Counterterrorism expert Rohan Gunaratna will later write that Khalid Shaikh Mohammed (KSM) first “earned his spurs” in al-Qaeda by serving as one of Osama bin Laden’s first bodyguards. Then, in 1991, bin Laden sends KSM to the Philippines where he trains members of the militant groups Abu Sayyaf and the Moro Islamic Liberation Front (MILF) in bomb making and assassination. He works with bin Laden’s brother-in-law Mohammed Jamal Khalifa to establish an operational base there and also in Malaysia. Presumably he also works with his nephew Ramzi Yousef, who trains Abu Sayyaf militants the same year (see December 1991-May 1992). Gunaratna says that “After proving himself an outstanding organizer, [KSM] was given substantial operational authority and autonomy by bin Laden.” However, KSM’s work with the Abu Sayyaf and MILF is soon discovered and he “has been on the run since 1991.” KSM will return with Yousef to the Philippines in 1994 to exploit the network they built and develop the Bojinka plot (see January 6, 1995). [Gunaratna, 2003, pp. xxiv-xxix]

A 2006 analysis compiled jointly by US and Croatian intelligence will reveal that al-Qaeda began infiltrating the Balkans region even before the start of the Bosnian war in 1992. Kamer Eddine Kherbane, a member of Algerian militant group GIA, moved to Zagreb, Croatia, in 1991 to set up a charity front at the direct request of Osama bin Laden. The organization, called Maktab al-Khidamat (MAK) or Al-Kifah, is closely tied to al-Qaeda. Its Brooklyn, New York, branch called the Al-Kifah Refugee Center is tied to both the 1993 WTC bombers and the CIA (see 1986-1993). [Associated Press, 4/17/2006] Apparently the Zagreb branch of MAK/Al-Kifah is also called the Al-Kifah Refugee Center like the Brooklyn branch and has very close ties with that branch (see Early 1990s). A Spanish police report will later claim that Kherbane is the head of the Zagreb branch. [CNN, 12/8/2002] The analysis will allege that Kherbane used Al-Kifah “to infiltrate GIA members into Bosnia,” and that Iran and unnamed Arab countries paid for the operation through money transfers. [Associated Press, 4/17/2006] Kherbane appears to have begun working with other radical militants in Bosnia in 1990 (see 1990).

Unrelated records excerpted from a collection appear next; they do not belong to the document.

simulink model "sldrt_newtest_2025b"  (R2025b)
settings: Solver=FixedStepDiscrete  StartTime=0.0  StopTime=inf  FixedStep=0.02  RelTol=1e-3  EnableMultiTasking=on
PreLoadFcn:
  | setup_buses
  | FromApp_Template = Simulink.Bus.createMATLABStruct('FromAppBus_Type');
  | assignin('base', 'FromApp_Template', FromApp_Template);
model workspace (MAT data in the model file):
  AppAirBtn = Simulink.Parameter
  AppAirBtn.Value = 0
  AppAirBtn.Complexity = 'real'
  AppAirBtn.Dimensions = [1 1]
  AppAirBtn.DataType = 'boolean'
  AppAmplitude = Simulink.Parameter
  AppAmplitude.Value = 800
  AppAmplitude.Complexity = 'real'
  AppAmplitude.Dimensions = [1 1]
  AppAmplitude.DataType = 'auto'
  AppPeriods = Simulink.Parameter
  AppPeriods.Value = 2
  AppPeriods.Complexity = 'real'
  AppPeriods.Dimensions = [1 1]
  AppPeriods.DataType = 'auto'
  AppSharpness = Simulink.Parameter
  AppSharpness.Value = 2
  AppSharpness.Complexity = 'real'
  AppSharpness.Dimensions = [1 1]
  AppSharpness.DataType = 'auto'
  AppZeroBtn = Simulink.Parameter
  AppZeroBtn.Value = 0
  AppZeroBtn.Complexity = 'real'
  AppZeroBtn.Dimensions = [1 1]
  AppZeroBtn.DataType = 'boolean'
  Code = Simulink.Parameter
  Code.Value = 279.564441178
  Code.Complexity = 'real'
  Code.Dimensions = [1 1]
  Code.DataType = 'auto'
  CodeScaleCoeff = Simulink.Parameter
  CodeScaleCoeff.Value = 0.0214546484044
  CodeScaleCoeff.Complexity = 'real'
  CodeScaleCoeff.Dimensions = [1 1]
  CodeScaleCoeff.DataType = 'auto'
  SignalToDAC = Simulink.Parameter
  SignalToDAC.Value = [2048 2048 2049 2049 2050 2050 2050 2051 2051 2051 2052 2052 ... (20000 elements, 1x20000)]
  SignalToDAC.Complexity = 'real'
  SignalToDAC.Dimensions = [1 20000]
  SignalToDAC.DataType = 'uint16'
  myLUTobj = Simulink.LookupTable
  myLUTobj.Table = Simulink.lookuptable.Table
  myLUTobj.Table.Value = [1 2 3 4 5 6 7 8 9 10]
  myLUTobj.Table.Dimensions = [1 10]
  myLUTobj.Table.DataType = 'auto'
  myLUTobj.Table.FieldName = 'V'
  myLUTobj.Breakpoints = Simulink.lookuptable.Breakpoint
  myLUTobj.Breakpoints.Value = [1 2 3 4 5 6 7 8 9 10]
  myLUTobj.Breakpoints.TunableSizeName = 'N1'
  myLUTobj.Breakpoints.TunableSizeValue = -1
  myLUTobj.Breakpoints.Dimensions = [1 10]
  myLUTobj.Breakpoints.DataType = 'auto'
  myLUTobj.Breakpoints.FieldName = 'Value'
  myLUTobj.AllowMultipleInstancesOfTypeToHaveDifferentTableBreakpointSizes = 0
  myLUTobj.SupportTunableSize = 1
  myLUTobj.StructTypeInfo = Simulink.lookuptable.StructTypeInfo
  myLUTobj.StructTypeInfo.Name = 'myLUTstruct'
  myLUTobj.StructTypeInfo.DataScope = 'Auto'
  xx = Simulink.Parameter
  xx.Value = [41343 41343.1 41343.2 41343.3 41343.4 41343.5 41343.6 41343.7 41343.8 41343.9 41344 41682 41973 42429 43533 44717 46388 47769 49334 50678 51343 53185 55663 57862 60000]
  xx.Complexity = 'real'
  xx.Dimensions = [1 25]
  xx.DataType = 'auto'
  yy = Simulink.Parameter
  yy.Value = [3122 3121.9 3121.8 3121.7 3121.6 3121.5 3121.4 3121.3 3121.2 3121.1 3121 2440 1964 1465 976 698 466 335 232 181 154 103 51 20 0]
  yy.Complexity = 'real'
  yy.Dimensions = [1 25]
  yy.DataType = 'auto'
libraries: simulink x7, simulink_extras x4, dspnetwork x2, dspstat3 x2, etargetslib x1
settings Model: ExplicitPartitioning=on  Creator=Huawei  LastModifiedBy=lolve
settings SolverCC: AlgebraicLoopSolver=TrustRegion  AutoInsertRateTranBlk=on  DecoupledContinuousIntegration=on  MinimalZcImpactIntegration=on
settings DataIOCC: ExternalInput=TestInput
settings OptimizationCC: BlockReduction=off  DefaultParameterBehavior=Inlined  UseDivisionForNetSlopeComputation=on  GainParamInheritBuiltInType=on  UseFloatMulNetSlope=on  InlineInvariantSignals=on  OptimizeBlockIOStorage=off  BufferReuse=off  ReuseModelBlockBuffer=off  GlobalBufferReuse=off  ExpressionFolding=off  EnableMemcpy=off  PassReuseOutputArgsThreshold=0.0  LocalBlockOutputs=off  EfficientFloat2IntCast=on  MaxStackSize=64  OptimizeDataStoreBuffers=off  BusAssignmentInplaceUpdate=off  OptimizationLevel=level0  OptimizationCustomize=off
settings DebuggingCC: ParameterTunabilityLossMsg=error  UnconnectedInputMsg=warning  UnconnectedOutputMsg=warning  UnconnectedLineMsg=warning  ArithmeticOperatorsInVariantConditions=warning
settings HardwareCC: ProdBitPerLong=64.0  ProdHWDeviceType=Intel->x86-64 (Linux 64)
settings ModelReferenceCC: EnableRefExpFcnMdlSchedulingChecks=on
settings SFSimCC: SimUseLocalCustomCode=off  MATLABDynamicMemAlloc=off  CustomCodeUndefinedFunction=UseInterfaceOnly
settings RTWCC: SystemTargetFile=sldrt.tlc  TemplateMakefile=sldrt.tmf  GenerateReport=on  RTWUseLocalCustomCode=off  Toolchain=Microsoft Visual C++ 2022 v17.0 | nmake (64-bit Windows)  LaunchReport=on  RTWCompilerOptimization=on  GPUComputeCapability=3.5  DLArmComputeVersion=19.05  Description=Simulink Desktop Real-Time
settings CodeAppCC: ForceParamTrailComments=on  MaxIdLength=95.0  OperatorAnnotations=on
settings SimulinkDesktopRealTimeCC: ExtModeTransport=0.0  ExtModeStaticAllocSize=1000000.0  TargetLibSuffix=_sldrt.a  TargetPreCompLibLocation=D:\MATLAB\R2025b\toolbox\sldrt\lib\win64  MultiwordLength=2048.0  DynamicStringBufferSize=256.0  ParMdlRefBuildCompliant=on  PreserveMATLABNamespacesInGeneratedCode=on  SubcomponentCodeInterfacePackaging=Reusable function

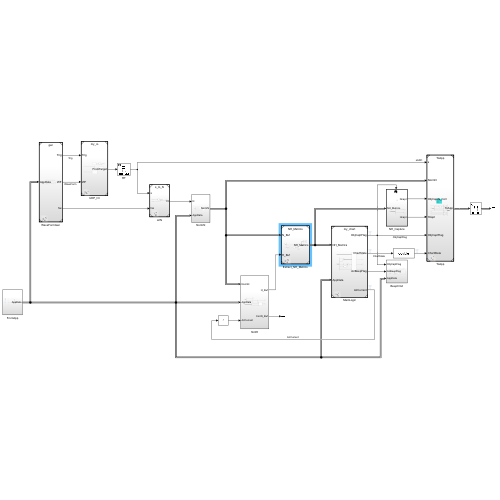
[thumbnail: Simulink's stored preview of the top-level diagram]
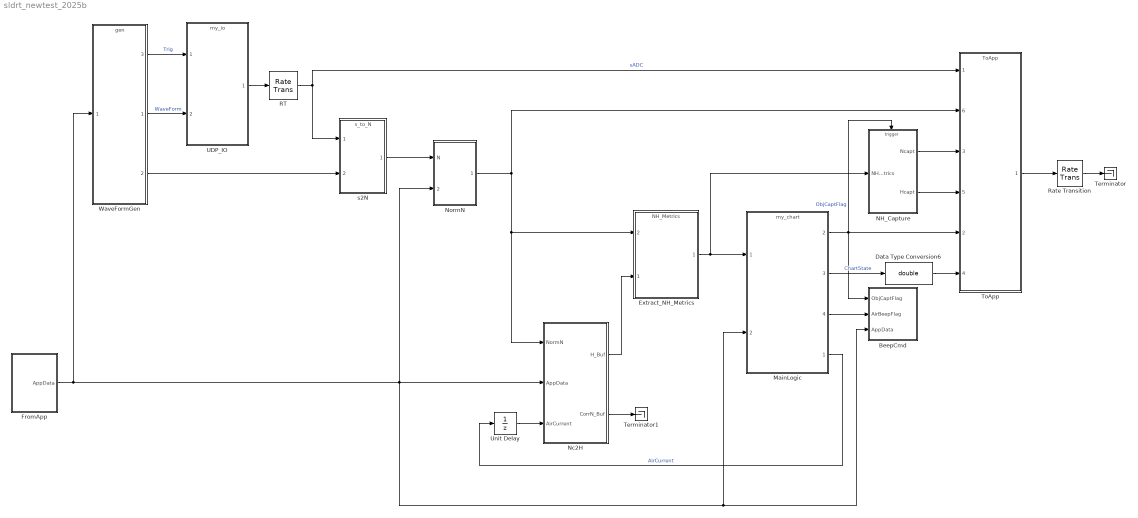
== system sldrt_newtest_2025b ==
  BeepCmd : Subsystem
  Data Type Conversion6 : DataTypeConversion  OutDataTypeStr=double  SaturateOnIntegerOverflow=off  RndMeth=Floor
  Extract_NH_Metrics : ModelReference  ModelNameDialog=NH_Metrics  SimulationMode=Normal  ModelReferenceVersion=1.50
      settings: PortSchema="{\"entries\":[{\"content\":{\"sides\":[{\"content\":{\"connectorIds\":[\"In2\",\"In1\"]},\"type\":\"ConnectorPlacement.EquallySpacedRectSide\",\"uuid\":\"3a38ccda-2223-4b10-94c8-e18dfc340c6f\"},{\"content\":{\"connectorIds\":[\"Out1\"],\"side\":\"RIGHT\"},\"type\":\"ConnectorPlacement.EquallySpacedRectSide\",\"uuid\":\"8419e0ff-c5db-4e1e-bcd8-780560147c58\"},{\"content\":{\"side\":\"TOP\"},\"type\":\"ConnectorPlacement.EquallySpacedRectSide\",\"uuid\":\"08e19ae9-9d85-4fd9-806d-4003401e858c\"}]},\"type\":\"ConnectorPlacement.EquallySpacedConnector\",\"uuid\":\"799394af-d852-43f2-8721-bc316fb3f3ae\"}],\"packageUris\":[\"http://schema.mathworks.com/mf0/Connector/R2020b\"],\"version\":\"1.0\"}"
  FromApp : Subsystem
  MainLogic : ModelReference  Priority=2  ModelNameDialog=my_chart.slx  SimulationMode=Normal  ScheduleRatesWith=Schedule Editor  ModelReferenceVersion=1.246
      settings: PortSchema="{\"entries\":[{\"content\":{\"sides\":[{\"content\":{\"connectorIds\":[\"In1\",\"In2\"]},\"type\":\"ConnectorPlacement.EquallySpacedRectSide\",\"uuid\":\"0ee1a6e0-4898-4e5e-a3f2-a4873c516c9b\"},{\"content\":{\"connectorIds\":[\"Out2\",\"Out3\",\"Out4\",\"Out1\"],\"side\":\"RIGHT\"},\"type\":\"ConnectorPlacement.EquallySpacedRectSide\",\"uuid\":\"631dc309-49f9-48aa-93e0-96384f954726\"},{\"content\":{\"side\":\"TOP\"},\"type\":\"ConnectorPlacement.EquallySpacedRectSide\",\"uuid\":\"941348e0-d81f-4f79-b9d4-bd78ea26c6c3\"}]},\"type\":\"ConnectorPlacement.EquallySpacedConnector\",\"uuid\":\"94e2f426-079c-4c5f-a540-67617520c55b\"}],\"packageUris\":[\"http://schema.mathworks.com/mf0/Connector/R2020b\"],\"version\":\"1.0\"}"
  NH_Capture : Subsystem
  Nc2H : Subsystem
  NormN : Subsystem
  RT : RateTransition  Integrity=off  Deterministic=off  OutPortSampleTime=0.02
  Rate Transition : RateTransition
  Terminator : Terminator
  Terminator1 : Terminator
  ToApp : ModelReference  ModelNameDialog=ToApp.slx  SimulationMode=Normal  ModelReferenceVersion=1.41
      settings: PortSchema="{\"entries\":[{\"content\":{\"sides\":[{\"content\":{\"connectorIds\":[\"In1\",\"In6\",\"In3\",\"In5\",\"In2\",\"In4\"]},\"type\":\"ConnectorPlacement.EquallySpacedRectSide\",\"uuid\":\"2a60f3ad-f22a-481e-bfa0-3f1feb70fa0e\"},{\"content\":{\"connectorIds\":[\"Out1\"],\"side\":\"RIGHT\"},\"type\":\"ConnectorPlacement.EquallySpacedRectSide\",\"uuid\":\"a97ccfa7-4022-4d86-888c-0861d8007155\"},{\"content\":{\"side\":\"TOP\"},\"type\":\"ConnectorPlacement.EquallySpacedRectSide\",\"uuid\":\"d2721f0e-98b2-48c2-b67a-f5bd578bfe97\"}]},\"type\":\"ConnectorPlacement.EquallySpacedConnector\",\"uuid\":\"dadb772c-2c9f-4732-9bcd-da2802ebc2cf\"}],\"packageUris\":[\"http://schema.mathworks.com/mf0/Connector/R2020b\"],\"version\":\"1.0\"}"
  UDP_IO : ModelReference  ModelNameDialog=my_io.slx  SimulationMode=Normal  ModelReferenceVersion=1.32
  Unit Delay : UnitDelay  InitialCondition=1  SampleTime=-1  HasFrameUpgradeWarning=on
  WaveFormGen : ModelReference  ModelNameDialog=gen.slx  SimulationMode=Normal  ModelReferenceVersion=1.31
      settings: PortSchema="{\"entries\":[{\"content\":{\"sides\":[{\"content\":{\"connectorIds\":[\"In1\"]},\"type\":\"ConnectorPlacement.EquallySpacedRectSide\",\"uuid\":\"6ec36bc1-2d75-43bf-b54c-2c7b61273d73\"},{\"content\":{\"connectorIds\":[\"Out3\",\"Out1\",\"Out2\"],\"side\":\"RIGHT\"},\"type\":\"ConnectorPlacement.EquallySpacedRectSide\",\"uuid\":\"17382908-6507-41c0-8990-8a468161a0d7\"},{\"content\":{\"side\":\"TOP\"},\"type\":\"ConnectorPlacement.EquallySpacedRectSide\",\"uuid\":\"0c9326df-e88c-4f4a-83e1-d6c039129936\"}]},\"type\":\"ConnectorPlacement.EquallySpacedConnector\",\"uuid\":\"e56dde6f-bf8e-407c-8fff-cfa8939317ce\"}],\"packageUris\":[\"http://schema.mathworks.com/mf0/Connector/R2020b\"],\"version\":\"1.0\"}"
  s2N : ModelReference  ModelNameDialog=s_to_N.slx  SimulationMode=Normal  ModelReferenceVersion=1.5
  wires:
  UDP_IO/1 -> RT/1
  WaveFormGen/1 -> UDP_IO/2  "WaveForm"
  WaveFormGen/2 -> s2N/2
  MainLogic/1 -> Unit Delay/1  "AirCurrent"
  RT/1 -> s2N/1, ToApp/1  "sADC"
  ToApp/1 -> Rate Transition/1
  Rate Transition/1 -> Terminator/1
  s2N/1 -> NormN/1(N)
  Unit Delay/1 -> Nc2H/3(AirCurrent)
  MainLogic/2 -> BeepCmd/1(ObjCaptFlag), NH_Capture/Trigger, ToApp/2  "ObjCaptFlag"
  NH_Capture/1(Ncapt) -> ToApp/3
  MainLogic/3 -> Data Type Conversion6/1  "ChartState"
  Extract_NH_Metrics/1 -> NH_Capture/1(NH_Metrics), MainLogic/1
  NH_Capture/2(Hcapt) -> ToApp/5
  Nc2H/2(CorrN_Buf) -> Terminator1/1
  WaveFormGen/3 -> UDP_IO/1  "Trig"
  FromApp/1(AppData) -> WaveFormGen/1, MainLogic/2, BeepCmd/3(AppData), NormN/2(AppData), Nc2H/2(AppData)
  MainLogic/4 -> BeepCmd/2(AirBeepFlag)
  NormN/1(NormN) -> Nc2H/1(NormN), Extract_NH_Metrics/2, ToApp/6
  Nc2H/1(H_Buf) -> Extract_NH_Metrics/1
  Data Type Conversion6/1 -> ToApp/4

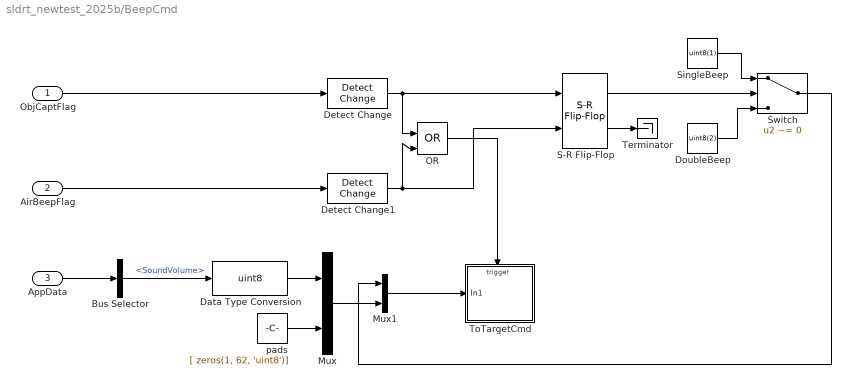
== system sldrt_newtest_2025b/BeepCmd ==
  ObjCaptFlag : Inport  OutDataTypeStr=boolean  PortDimensions=1
  AirBeepFlag : Inport  Port=2  OutDataTypeStr=boolean  PortDimensions=1
  AppData : Inport  Port=3  OutDataTypeStr=Bus: FromAppBus_Type  PortDimensions=1
  Bus Selector : BusSelector  OutputSignals=SoundVolume
  Data Type Conversion : DataTypeConversion  OutDataTypeStr=uint8  SaturateOnIntegerOverflow=off  RndMeth=Floor
  Detect Change : simulink/Logic and Bit Operations/Detect Change  vinit=0  OutDataTypeStr=boolean
  Detect Change1 : simulink/Logic and Bit Operations/Detect Change  vinit=0  OutDataTypeStr=boolean
  DoubleBeep : Constant  Value=uint8(2)  OutDataTypeStr=uint8
  Mux : Mux  Inputs=2
  Mux1 : Mux  Inputs=2
  OR : Logic  Operator=OR  IconShape=distinctive  AllPortsSameDT=off  OutDataTypeStr=boolean
  S-R Flip-Flop : simulink_extras/Flip Flops/S-R Flip-Flop  initial_condition=0
  SingleBeep : Constant  Value=uint8(1)  OutDataTypeStr=uint8
  Switch : Switch  Criteria=u2 ~= 0  SaturateOnIntegerOverflow=off  InputSameDT=off
  Terminator : Terminator
  ToTargetCmd : Subsystem
  pads : Constant  Value=[ zeros(1, 62, 'uint8')]  OutDataTypeStr=uint8
  wires:
  S-R Flip-Flop/1 -> Switch/2
  Switch/1 -> Mux1/1
  DoubleBeep/1 -> Switch/3
  ObjCaptFlag/1 -> Detect Change/1
  Detect Change1/1 -> OR/2, S-R Flip-Flop/2
  S-R Flip-Flop/2 -> Terminator/1
  SingleBeep/1 -> Switch/1
  OR/1 -> ToTargetCmd/Trigger
  Detect Change/1 -> S-R Flip-Flop/1, OR/1
  AirBeepFlag/1 -> Detect Change1/1
  AppData/1 -> Bus Selector/1
  Bus Selector/1 -> Data Type Conversion/1  "<SoundVolume>"
  Data Type Conversion/1 -> Mux/1
  pads/1 -> Mux/2
  Mux/1 -> Mux1/2
  Mux1/1 -> ToTargetCmd/1(In1)

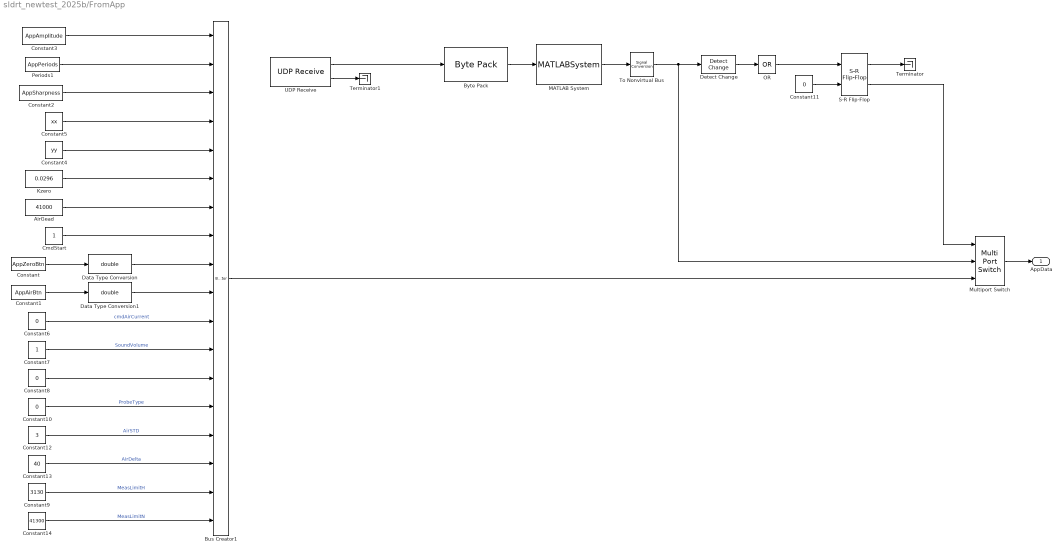
== system sldrt_newtest_2025b/FromApp ==
  AirGead : Constant  Value=41000  OutDataTypeStr=double
  Bus Creator1 : BusCreator  Inputs=18  OutDataTypeStr=Bus: FromAppBus_Type
      settings: InheritFromInputs=off
  Byte Pack : etargetslib/Byte Pack  datatypes={'double'}  byteAlign=1
  CmdStart : Constant  OutDataTypeStr=double
  Constant : Constant  Value=AppZeroBtn  OutDataTypeStr=boolean
  Constant1 : Constant  Value=AppAirBtn  OutDataTypeStr=boolean
  Constant10 : Constant  Value=0
  Constant11 : Constant  Value=0  OutDataTypeStr=boolean
  Constant12 : Constant  Value=3
  Constant13 : Constant  Value=40
  Constant14 : Constant  Value=41300
  Constant2 : Constant  Value=AppSharpness
  Constant3 : Constant  Value=AppAmplitude
  Constant4 : Constant  Value=yy
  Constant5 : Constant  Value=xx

In 2002, a Philippine newspaper article will claim that “Philippine police have long been aware of operational ties between local Islamic radicals and right-wing foreigners.” Apparently these ties become first noticeable in the early 1990s. The article is mainly about a 1996 recorded testimonial by Edwin Angeles, a Philippine undercover agent who had posed as a leader of the Philippine militant group Abu Sayyaf until 1995 (see 1991-Early February 1995). In his testimony, he claimed to have attended meetings between Muslim militants and Oklahoma City bomber Terry Nichols, plus another right-wing American named John Lepney (see Late 1992-Early 1993 and Late 1994). The article notes that Philippine officials believe such ties were not limited to these cases. “Why the strange alliance exists remains a puzzle to police and military intelligence agents. A senior counterterrorism expert says commerce and short-term goals could account for the unusual ties. ‘Eventually, they’ll be killing each other. But for now, they seem to be working together.’” Lepney had been seen in the rebellious areas of the southern Philippines since 1990 and occasionally boasted of his rebel ties. [Manila Times, 4/26/2002] Additionally, Michael Meiring, a US citizen who may have been a CIA operative with ties to Muslim militant leaders (see May 16, 2002) and December 2, 2004), periodically appeared in the same region beginning in 1992 (see 1992-1993). He sometimes stayed in Davao City, the same city where Lepney was based. Meiring claims to be a treasure hunter, but military officials note that there are “terrorists and intelligence operatives of all stripes about among treasure hunters’ circles.” Meiring also had ties to at least one neo-Nazi figure in the US. [Manila Times, 5/30/2002; Manila Times, 5/31/2002] Philippine officials will later identify a number of other suspicious right-wing Westerners living in the rebellious southern region of the country in the early 1990s. For instance, there is US citizen Nina North, whom acquaintances claim has CIA connections. From 1990 to 1992, she was reportedly working on business deals with bin Laden and other Middle East figures involving the transfer of gold bullion. In 2002, Philippine officials will claim that ties between right-wing Westerners and Muslim militants continue to the present day but they do not provide new information because of ongoing investigations. [Manila Times, 5/31/2002]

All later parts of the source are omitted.